Analogies are powerful and dangerous. It is a good idea to not take more of it than what the analogy can offer. But the idea that building mathematical models can be compared to map making is a powerful one. If you look at the image featured in this post it is easy to realise that maps, like mathematical models, capture the assumptions and understanding of a community…even if they are wrong or incomplete.

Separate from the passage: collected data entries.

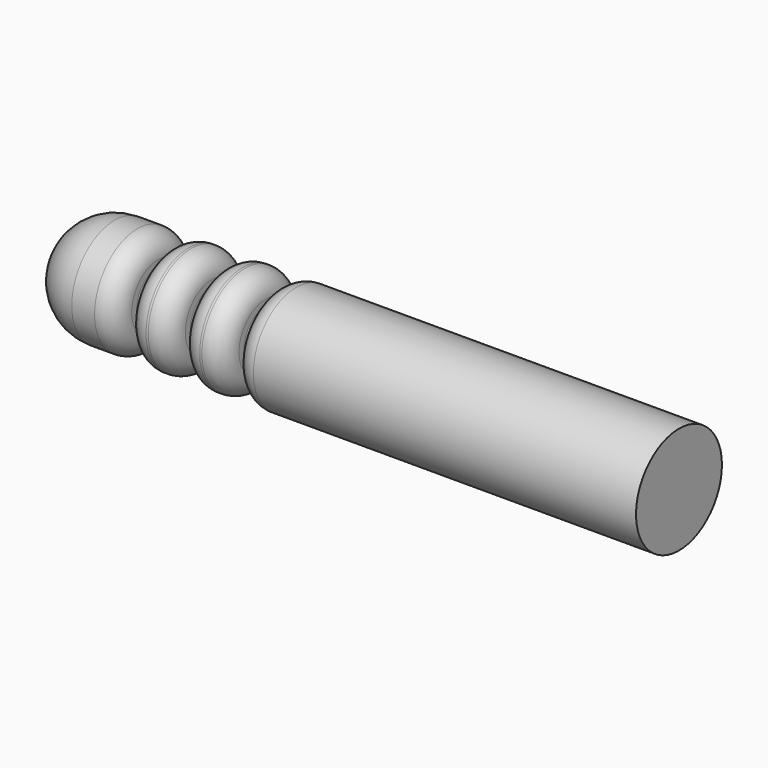
from build123d import *

# Parameters (mm, degrees)
F2_R = 5.08
F3_R = 1.26999


# Not quite as in the source:
# - a fillet or chamfer is up to 0.001 mm smaller than in the source, because OpenCascade refuses the exact size


with BuildPart() as f1:
    # F0 (on Top) → F1 (revolve)
    with BuildSketch(Plane.XY):
        with BuildLine():
            Line((-52.0266967201, 13.2484138012), (-62.7351105213, 13.2484138012))
            ThreePointArc((-62.7351105213, 13.2484138012), (-72.1031537601, 9.3680432388), (-75.9835243225, 0))
            Line((-75.9835243225, 0), (76.5030682087, 0))
            Line((76.5030682087, 0), (76.5030682087, 13.2484138012))
            Line((76.5030682087, 13.2484138012), (-22.9898691177, 13.2484138012))
            Line((-22.9898691177, 13.2484138012), (-22.9898691177, 5.3568566218))
            Line((-22.9898691177, 5.3568566218), (-25.5298691177, 5.3568566218))
            Line((-25.5298691177, 5.3568566218), (-25.5298691177, 13.2484138012))
            Line((-25.5298691177, 13.2484138012), (-36.2382829189, 13.2484138012))
            Line((-36.2382829189, 13.2484138012), (-36.2382829189, 5.3568566218))
            Line((-36.2382829189, 5.3568566218), (-38.7782829189, 5.3568566218))
            Line((-38.7782829189, 5.3568566218), (-38.7782829189, 13.2484138012))
            Line((-38.7782829189, 13.2484138012), (-49.4866967201, 13.2484138012))
            Line((-49.4866967201, 13.2484138012), (-49.4866967201, 5.3568566218))
            Line((-49.4866967201, 5.3568566218), (-52.0266967201, 5.3568566218))
            Line((-52.0266967201, 5.3568566218), (-52.0266967201, 13.2484138012))
        make_face()
    revolve(axis=Axis((0.2597719431, 0, 0), (-1, 0, 0)))

    # F2
    f2_edges = [f1.edges().sort_by_distance(p)[0] for p in [
        (-52.026697, -13.248414, 0),
        (-49.486697, -13.248414, 0),
        (-38.778283, -13.248414, 0),
        (-36.238283, -13.248414, 0),
        (-25.529869, -13.248414, 0),
        (-22.989869, -13.248414, 0),
    ]]
    fillet(f2_edges, radius=F2_R)

    # F3 (radius 1.27 in the source; OpenCascade refuses exactly that, so slightly less here)
    f3_edges = [f1.edges().sort_by_distance(p)[0] for p in [
        (-49.486697, -5.356857, 0),
        (-52.026697, -5.356857, 0),
        (-36.238283, -5.356857, 0),
        (-38.778283, -5.356857, 0),
        (-25.529869, -5.356857, 0),
        (-22.989869, -5.356857, 0),
    ]]
    fillet(f3_edges, radius=F3_R)


solid = f1.part

Maps show us our biases. The image above (top left) shows the map using a conventional representation. It uses the Mercator projection where Greenland can be seen as a much bigger landmass than Australia. Which is not true. To the right you will seethe Gall-Peters projection which does a better job but is not perfect either. In general all these maps are wrong in one respect or the other but nobody should doubt that they are useful.
Here is another map:
It is a map of the subway system in London and as an example it captures one important aspect of mathematical modelling and map making: the important thing about a map like this is not only what it shows but what it chooses not to. This map is incredibly useful and a good part of that is because it shows only the information that a traveller needs in order to reach any corner of London served by the tube. Arguably it could not show less information (maybe the thick blue line showing the Thames river) but even more importantly: adding more information would likely make it a worse map. Some people might argue that there is a lot of information that is critical if we want to understand transportation in London. Maybe the nature of the terrain that had to be open for building the lines? The elevation? how congested those lines typically are? distance between stops (the map is not to scale), average travelling times? They all sound like good ideas but they would make the map more complicated and more difficult to navigate.